Why does creating an array from primitives copy them?

Question

In the program

public static void main(String[] args){
    int x = 1;
    int y = 2;
    int[] z = new int[]{x, y};
    z[0] = 3;
    System.out.println(x); //prints 1
}

I expected that 3 would be printed. But 1 was. Why? I thought Java makes copy only of references, i.e. when we pass a refrence to a method, the method will operate with another reference to the same object. It's like C++ pointers and primitive types.

So I tried to consult JLS 10.6 and didn't find anything useful about it. Maybe I've got some misunderstanding about primitive types in Java. Could you clarify?

Answer 1

Why does creating an array from primitives copy them?

For exactly the same reason that:

int a = 5;
int b = a;

...copies the value of a into b, without creating any kind of link between a and b: The value is copied, not some kind of reference to the variable.

---

Re your comment:

But when we operate on reference types, the reference copies, doesn't it?

Yes, it does, exactly like the number gets copied in your int scenario.

b = a (or your array initializer) works exactly the same way regardless of whether a and b are primitive type variables or reference type variables: The value in a is copied to b, and then there is no ongoing link between a and b.

The only difference is that when you're dealing with reference types, the value in the variable isn't the actual thing, it's a reference to the actual thing. So copying that reference from one variable into another just makes makes those two variables refer to the same thing, just like my code above makes a and b both have the value 5.

Consider: Let's create a list:

List<String> a = new ArrayList<String>();

That gives us something like this in memory:

              +----------+
a(55465)----->| the list |
              +----------+

The variable a contains a value which is a reference to an object. I've depicted that value above as 55465, but we never actually see the raw value in our Java code (and it changes as garbage collection is done). It's just a value, like any other value, which tells the JVM where to find the object in memory. You can think of it like a long containing a memory address (that's not what it really is, but it works conceptually).

Now we do this:

List<String> b = a;

Now we have something like this in memory:

a(55465)--+
          |    +----------+
          +--->| the list |
          |    +----------+
b(55465)--+

Both a and b contain a value which refers to the list.

You can see how that's exactly like:

int a = 5

gives us

a(5)

and then

int b = a;

gives us

a(5)
b(5)

Values are copied between variables, passed into functions, etc. The only difference with reference types is what that value is used for, how it's interpreted.

If so, I would say that java is pass by value in the sense of copying values of primitives and the references of reference types. Right?

No. "Pass by value" and "pass by reference" have a specific meaning in computing: It's about having a reference to a variable, not an object.

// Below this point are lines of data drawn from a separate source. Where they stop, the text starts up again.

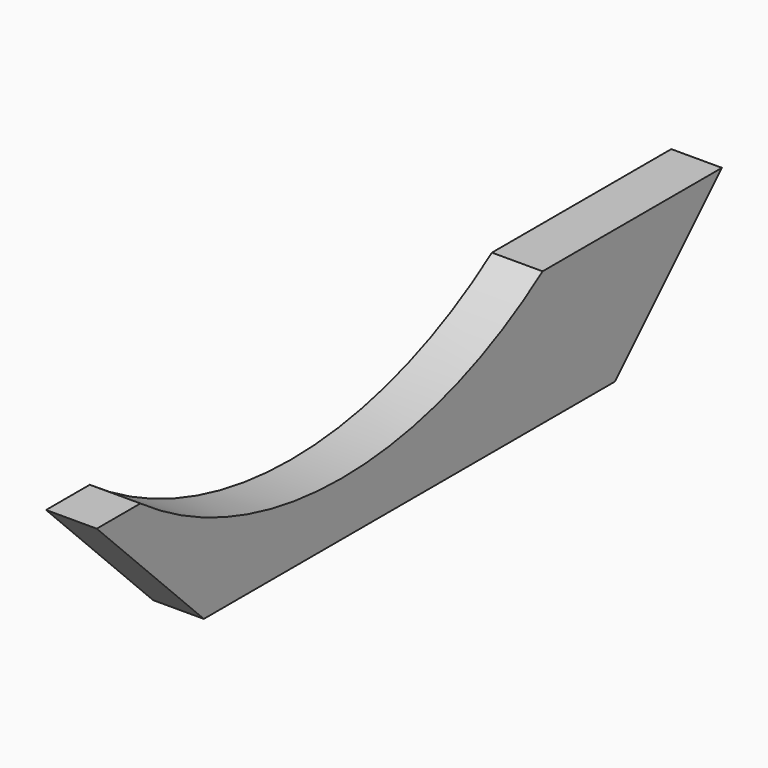
from build123d import *

# Parameters (mm, degrees)
F0_W     = 88.9
F0_H     = 234.95
F1_DEPTH = 685.8
F2_SIZE  = 234.94999
F3_SIZE  = 234.94999
F5_D     = 1524


# Not quite as in the source:
# - a fillet or chamfer is up to 0.001 mm smaller than in the source, because OpenCascade refuses the exact size


with BuildPart() as f1:
    # F0 (on Front) → F1 (new body, symmetric)
    with BuildSketch(Plane.XZ):
        Rectangle(F0_W, F0_H)
    extrude(amount=F1_DEPTH, both=True)

    # F2 (size 234.95 in the source; OpenCascade refuses exactly that, so slightly less here)
    f2_edges = [f1.edges().sort_by_distance(p)[0] for p in [
        (0, -685.8, -117.475),
    ]]
    chamfer(f2_edges, length=F2_SIZE)

    # F3 (size 234.95 in the source; OpenCascade refuses exactly that, so slightly less here)
    f3_edges = [f1.edges().sort_by_distance(p)[0] for p in [
        (0, 685.8, -117.475),
    ]]
    chamfer(f3_edges, length=F3_SIZE)

    # F5 (through all)
    with Locations(Plane(origin=(-44.45, 0, 0), x_dir=(0, -1, 0), z_dir=(-1, 0, 0))):
        with Locations((148.8177627325, 738.7712001801)):
            Hole(F5_D / 2)


solid = f1.part
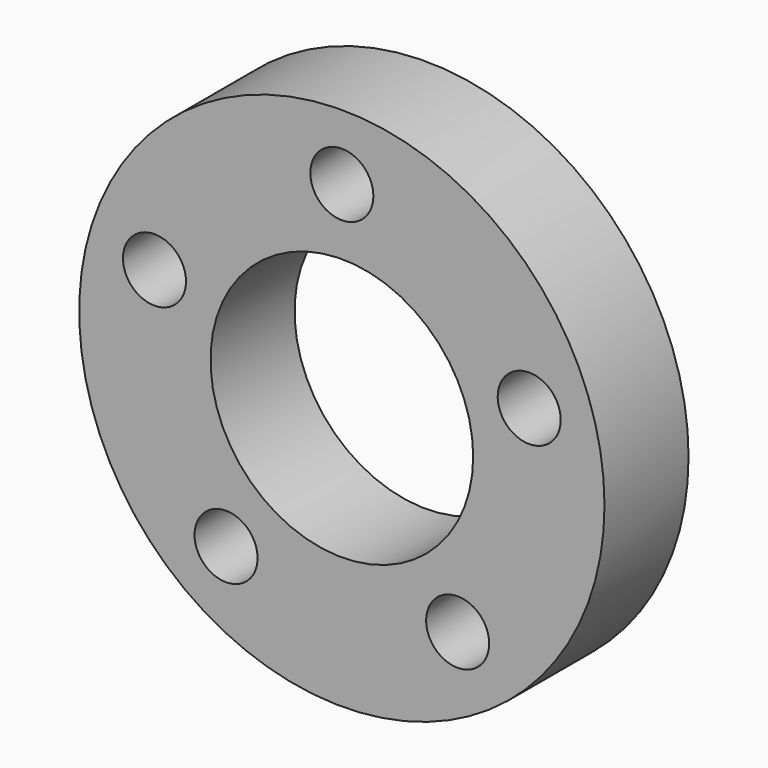
from build123d import *

# Parameters (mm, degrees)
F0_R            = 50
F0_R_2          = 25
F1_DEPTH        = 20
F2_R            = 6
F3_DEPTH        = 25
F3_COPIES_COUNT = 5


# Not quite as in the source:
# - a pattern or mirror of a feature is missing from the dataset's text; its kind, count and spacing are read off the source's solid


with BuildPart() as f1:
    # F0 (on Front) → F1 (new body)
    with BuildSketch(Plane.XZ):
        Circle(F0_R)
        Circle(F0_R_2, mode=Mode.SUBTRACT)
    extrude(amount=F1_DEPTH)

    # F2 (on face) → F3 (cut)
    with BuildSketch(Plane.XZ.offset(20)):
        with Locations((0, 37.5)):
            Circle(F2_R)
    f3 = extrude(amount=-F3_DEPTH, mode=Mode.SUBTRACT)

    # F3_copies: F3 ×5 about axis
    f3_copies_axis = Axis((0, 0, 0), (0, 1, 0))
    for i in range(1, F3_COPIES_COUNT):
        add(f3.rotate(f3_copies_axis, i * 360 / F3_COPIES_COUNT), mode=Mode.SUBTRACT)


solid = f1.part
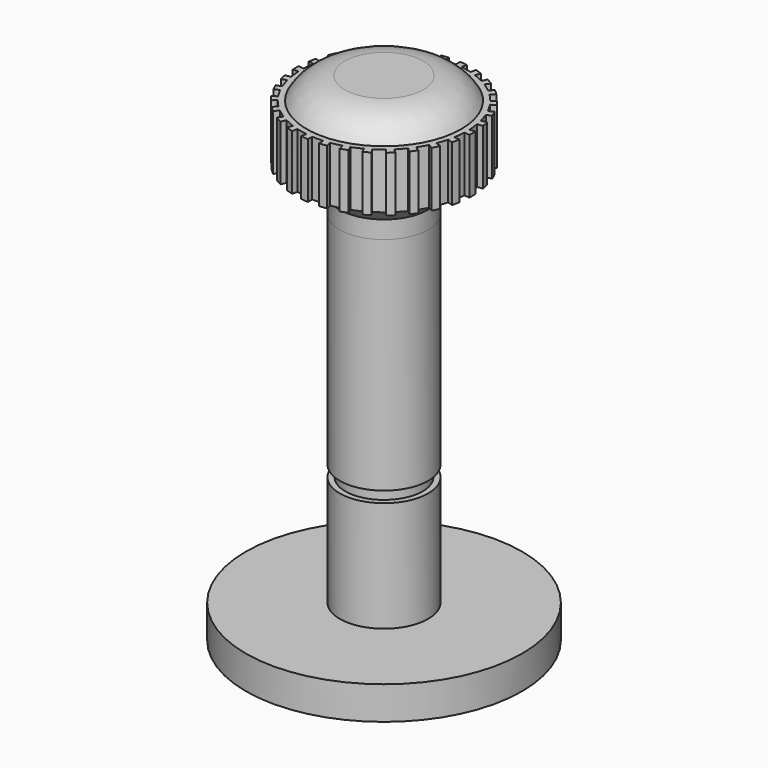
from build123d import *

# Parameters (mm, degrees)
F0_R             = 12.5
F1_DEPTH         = 3
F2_R             = 4
F3_DEPTH         = 10
F4_R             = 3.5
F5_DEPTH         = 1
F6_R             = 4
F7_DEPTH         = 20
F8_R             = 7
F9_DEPTH         = 4
F10_R            = 8
F11_DEPTH        = 5
F12_R            = 7
F13_DEPTH        = 2
F14_S6_R         = 4
F14_T7_DEPTH     = 12
F16_R            = 2
F17_DEPTH        = 10
F19_DEPTH        = 25
F19_COPIES_COUNT = 30


# Not quite as in the source:
# - a fillet or chamfer that OpenCascade refuses, or shapes differently, is made with other operations: its cross-section is extruded or revolved along the edge and cut away or added
# - a pattern or mirror of a feature is missing from the dataset's text; its kind, count and spacing are read off the source's solid


with BuildPart() as f1:
    # F0 (on Top) → F1 (new body)
    with BuildSketch(Plane.XY):
        Circle(F0_R)
    extrude(amount=F1_DEPTH)

    # F2 (on face) → F3 (join)
    with BuildSketch(Plane.XY.offset(3)):
        Circle(F2_R)
    extrude(amount=F3_DEPTH)

    # F4 (on face) → F5 (join)
    with BuildSketch(Plane.XY.offset(13)):
        Circle(F4_R)
    extrude(amount=F5_DEPTH)

    # F6 (on face) → F7 (join)
    with BuildSketch(Plane.XY.offset(14)):
        Circle(F6_R)
    extrude(amount=F7_DEPTH)

    # F8 (on face) → F9 (join)
    with BuildSketch(Plane.XY.offset(34)):
        Circle(F8_R)
    extrude(amount=F9_DEPTH)

    # F10 (on face) → F11 (join)
    with BuildSketch(Plane.XY.offset(38)):
        Circle(F10_R)
    extrude(amount=F11_DEPTH)

    # F12 (on face) → F13 (join)
    with BuildSketch(Plane.XY.offset(43)):
        Circle(F12_R)
    extrude(amount=F13_DEPTH)

    # F14: chamfer of 4 x 5 on 1 edges, made by hand


with BuildPart() as f14_tool2:
    # F14_s3 → F14_t4 (revolve)
    with BuildSketch(Plane.XZ):
        Polygon((7, 38), (2, 34), (7, 34), align=None)
    revolve(axis=Axis((0, 0, 34), (0, 0, 1)))

    split(bisect_by=Plane.XY.offset(38), keep=Keep.BOTTOM)

    # F14_s6 → F14_t7 (cut, symmetric)
    with BuildSketch(Plane.XY.offset(36)):
        Circle(F14_S6_R)
    extrude(amount=F14_T7_DEPTH, both=True, mode=Mode.SUBTRACT)


with BuildPart() as f1_1:
    add(f1.part)

    # F14_t1: cut F14_tool2
    add(f14_tool2.part, mode=Mode.SUBTRACT)

    # F15: fillet of radius 4 on 1 edges, made by hand

    # F15_s1 → F15_t2 (revolve, cut)
    with BuildSketch(Plane.XZ):
        with BuildLine():
            ThreePointArc((7, 43), (5.5358983849, 44.4641016151), (3.5358983849, 45))
            Line((3.5358983849, 45), (7, 45))
            Line((7, 45), (7, 43))
        make_face()
    revolve(axis=Axis((0, 0, 45), (0, 0, 1)), mode=Mode.SUBTRACT)

    # F16 (on face) → F17 (cut)
    with BuildSketch(Plane(origin=(0, 0, 0), x_dir=(1, 0, 0), z_dir=(0, 0, -1))):
        Circle(F16_R)
    extrude(amount=-F17_DEPTH, mode=Mode.SUBTRACT)

    # F18 (on face) → F19 (cut)
    with BuildSketch(Plane.XY.offset(43)):
        with BuildLine():
            ThreePointArc((0.5, 7.9843597113), (0, 8), (-0.5, 7.9843597113))
            Line((-0.5, 7.9843597113), (-0.5, 7.5))
            Line((-0.5, 7.5), (0.5, 7.5))
            Line((0.5, 7.5), (0.5, 7.9843597113))
        make_face()
    f19 = extrude(amount=-F19_DEPTH, mode=Mode.SUBTRACT)

    # F19_copies: F19 ×30 about axis
    f19_copies_axis = Axis((0, 0, 0), (0, 0, 1))
    for i in range(1, F19_COPIES_COUNT):
        add(f19.rotate(f19_copies_axis, i * 360 / F19_COPIES_COUNT), mode=Mode.SUBTRACT)


solid = f1_1.part

This is what pass-by-reference looks like:

// NOT JAVA; Java doesn't have this
void foo(int &a) { // Fake pass-by-reference thing
    a = 3;
}

int a = 5;
foo(&a); // Fake pass-by-reference operator
System.out.println(a); // 3

Pass-by-reference has nothing to do with object references. The only thing they have in common is the word "reference." Java is a purely pass-by-value language.

Answer 2

Java is pass by value not reference. if you assign to array zero so it does not assigned to x.

Answer 3

You did mistake here :

int x = 1;
int y = 2;
int[] z = new int[]{x, y};
z[0] = 3;
System.out.println(x); //prints 1 // You are printing x (where x = 1)

Here you print x so x = 1

If you print z[0] instead of x then it will print 3

Answer 4

z[0] = 3 assigns the value to array not to int x.